Mr. Baglino in recent weeks had taken on a higher-profile role within Tesla, triggering speculation among company observers that Mr. Straubel might be leaving.
Tesla shares fell Thursday after the company reported a bigger-than-expected second-quarter loss. Tesla reiterated its previous guidance that the company would deliver 360,000 to 400,000 vehicles this year but warned it would emphasize expanding its production capacity and model lineup over increasing the bottom line.
“The soft gross margin profile will be a gut punch to the bulls hoping for much-needed good news on this front,” Wedbush Securities analyst Daniel Ives said. The company’s reiteration of its delivery guidance “was a head scratcher since the pure math and demand trajectory makes this an Everest-like uphill battle,” he said.
Shares of Tesla on Thursday dropped $37.68, or 14%, to $227.20.
The departure of the 43-year-old Mr. Straubel follows a string of other high-profile exits at Tesla in the past few years as the company struggled to bring its Model 3 compact car to market.
In January, Tesla surprised investors when it announced during another earnings call that longtime Chief Financial Officer Deepak Ahuja was leaving the company.
Mr. Straubel outlasted Martin Eberhard, another founder of Tesla. Mr. Eberhard ran Tesla in the early years, before being ousted in 2007 and eventually replaced as chief executive by Mr. Musk, who had helped fund the startup.
Piper Jaffray analyst Alexander Potter called Mr. Straubel “probably the second-most-important person” at Tesla and said his departure is likely to rattle investors.
Gene Berdichevsky, an early Tesla employee who later co-founded a battery technology company called Sila Nanotechnologies Inc., said “there would be no Tesla as it is today without JB.”
Mr. Straubel made the decision to step down on his own as the company is maturing into a phase that needs more operational focus while he seems happiest working on new projects, said a person familiar with the situation.
“I’m not disappearing and I just want to make sure that people understand that this is not some lack of confidence in the company or the team,” Mr. Straubel told analysts.
Tesla has a long history of executive turnover. Co-founder Marc Tarpenning left ahead of Roadster production in 2008, vice president of vehicle engineering Peter Rawlinson departed ahead of Model S production in 2012, and former engineering chief Doug Field left as the Model 3 was ramped up in 2018.
The one constant has been a small group of core executives who have counseled Mr. Musk. Mr. Straubel was in that circle.

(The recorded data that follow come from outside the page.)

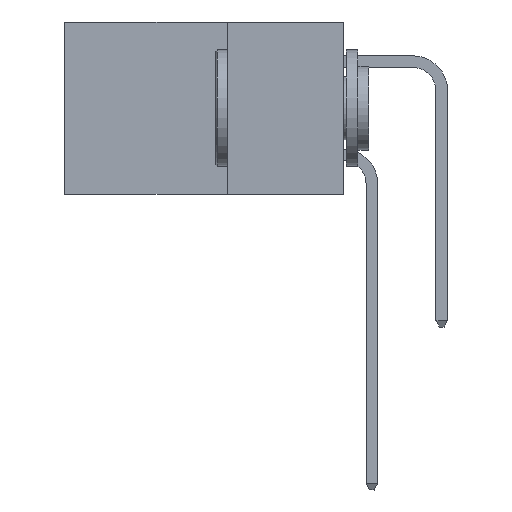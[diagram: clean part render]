
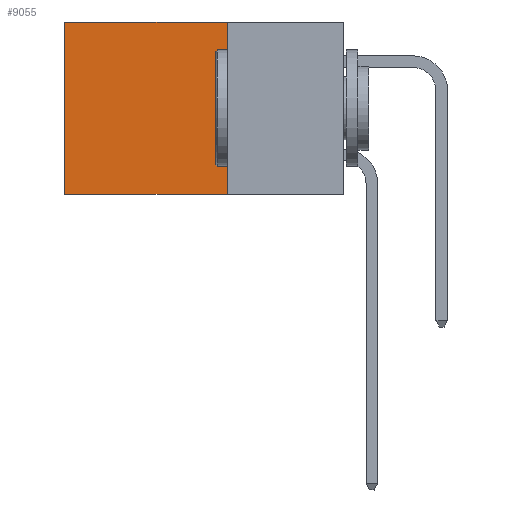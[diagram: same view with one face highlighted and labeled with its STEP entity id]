
A CAD part, left-side view. The second image highlights one B-rep face of the part: STEP entity #9055.
In plain terms, the highlighted planar face has unit normal (-1, 0, 0).
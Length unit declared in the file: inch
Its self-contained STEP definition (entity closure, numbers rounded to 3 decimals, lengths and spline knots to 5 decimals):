
#260 = ORIENTED_EDGE ( 'NONE', *, *, #3682, .F. ) ;
#431 = CARTESIAN_POINT ( 'NONE',  ( 0.298, 0.6, 0. ) ) ;
#875 = EDGE_CURVE ( 'NONE', #10776, #9455, #3747, .T. ) ;
#896 = DIRECTION ( 'NONE',  ( 1., 0., 0. ) ) ;
#1548 = EDGE_CURVE ( 'NONE', #10776, #11400, #6552, .T. ) ;
#1998 = EDGE_CURVE ( 'NONE', #11400, #10860, #10761, .T. ) ;
#2138 = DIRECTION ( 'NONE',  ( 0., 1., 0. ) ) ;
#2205 = LINE ( 'NONE', #3139, #11582 ) ;
#2457 = DIRECTION ( 'NONE',  ( 0., 1., 0. ) ) ;
#3139 = CARTESIAN_POINT ( 'NONE',  ( 0.298, 0.25, -0.37 ) ) ;
#3153 = AXIS2_PLACEMENT_3D ( 'NONE', #3772, #896, #10090 ) ;
#3354 = ORIENTED_EDGE ( 'NONE', *, *, #1998, .T. ) ;
#3682 = EDGE_CURVE ( 'NONE', #9455, #10860, #2205, .T. ) ;
#3747 = LINE ( 'NONE', #9616, #10686 ) ;
#3772 = CARTESIAN_POINT ( 'NONE',  ( 0.298, 0.25, 0. ) ) ;
#4123 = CARTESIAN_POINT ( 'NONE',  ( 0.298, 0.25, 0. ) ) ;
#4146 = VECTOR ( 'NONE', #2457, 39.37008 ) ;
#4340 = FACE_OUTER_BOUND ( 'NONE', #11743, .T. ) ;
#5092 = VECTOR ( 'NONE', #8412, 39.37008 ) ;
#6011 = CARTESIAN_POINT ( 'NONE',  ( 0.298, 0.25, 0. ) ) ;
#6383 = CARTESIAN_POINT ( 'NONE',  ( 0.298, 0.6, 0. ) ) ;
#6552 = LINE ( 'NONE', #6011, #4146 ) ;
#8412 = DIRECTION ( 'NONE',  ( 0., 0., -1. ) ) ;
#8513 = ORIENTED_EDGE ( 'NONE', *, *, #875, .F. ) ;
#8758 = DIRECTION ( 'NONE',  ( 0., 0., -1. ) ) ;
#9055 = ADVANCED_FACE ( 'NONE', ( #4340 ), #9174, .F. ) ;
#9174 = PLANE ( 'NONE',  #3153 ) ;
#9260 = ORIENTED_EDGE ( 'NONE', *, *, #1548, .T. ) ;
#9455 = VERTEX_POINT ( 'NONE', #9643 ) ;
#9616 = CARTESIAN_POINT ( 'NONE',  ( 0.298, 0.25, 0. ) ) ;
#9643 = CARTESIAN_POINT ( 'NONE',  ( 0.298, 0.25, -0.37 ) ) ;
#10090 = DIRECTION ( 'NONE',  ( 0., 0., -1. ) ) ;
#10503 = CARTESIAN_POINT ( 'NONE',  ( 0.298, 0.6, -0.37 ) ) ;
#10686 = VECTOR ( 'NONE', #8758, 39.37008 ) ;
#10761 = LINE ( 'NONE', #431, #5092 ) ;
#10776 = VERTEX_POINT ( 'NONE', #4123 ) ;
#10860 = VERTEX_POINT ( 'NONE', #10503 ) ;
#11400 = VERTEX_POINT ( 'NONE', #6383 ) ;
#11582 = VECTOR ( 'NONE', #2138, 39.37008 ) ;
#11743 = EDGE_LOOP ( 'NONE', ( #3354, #260, #8513, #9260 ) ) ;

Mr. Straubel was deeply involved in the development of the battery pack that powered the first Tesla vehicle, the two-seat Roadster. The battery architecture that the team designed, stringing together thousands of battery cells and avoiding them overheating or catching fire, was one of Tesla’s technological breakthroughs.
Mr. Straubel later helped develop the Model S sedan, the company’s bid to compete against mainstream luxury cars, and set up the network of charging stations through which Tesla was able to convince buyers that an electric car could be practical for a round trip. He then worked on several battery projects for Tesla.
Mr. Musk praised Mr. Straubel during the analysts call, crediting him for “his fundamental role in creating and building Tesla.”
—George Stahl contributed to this article.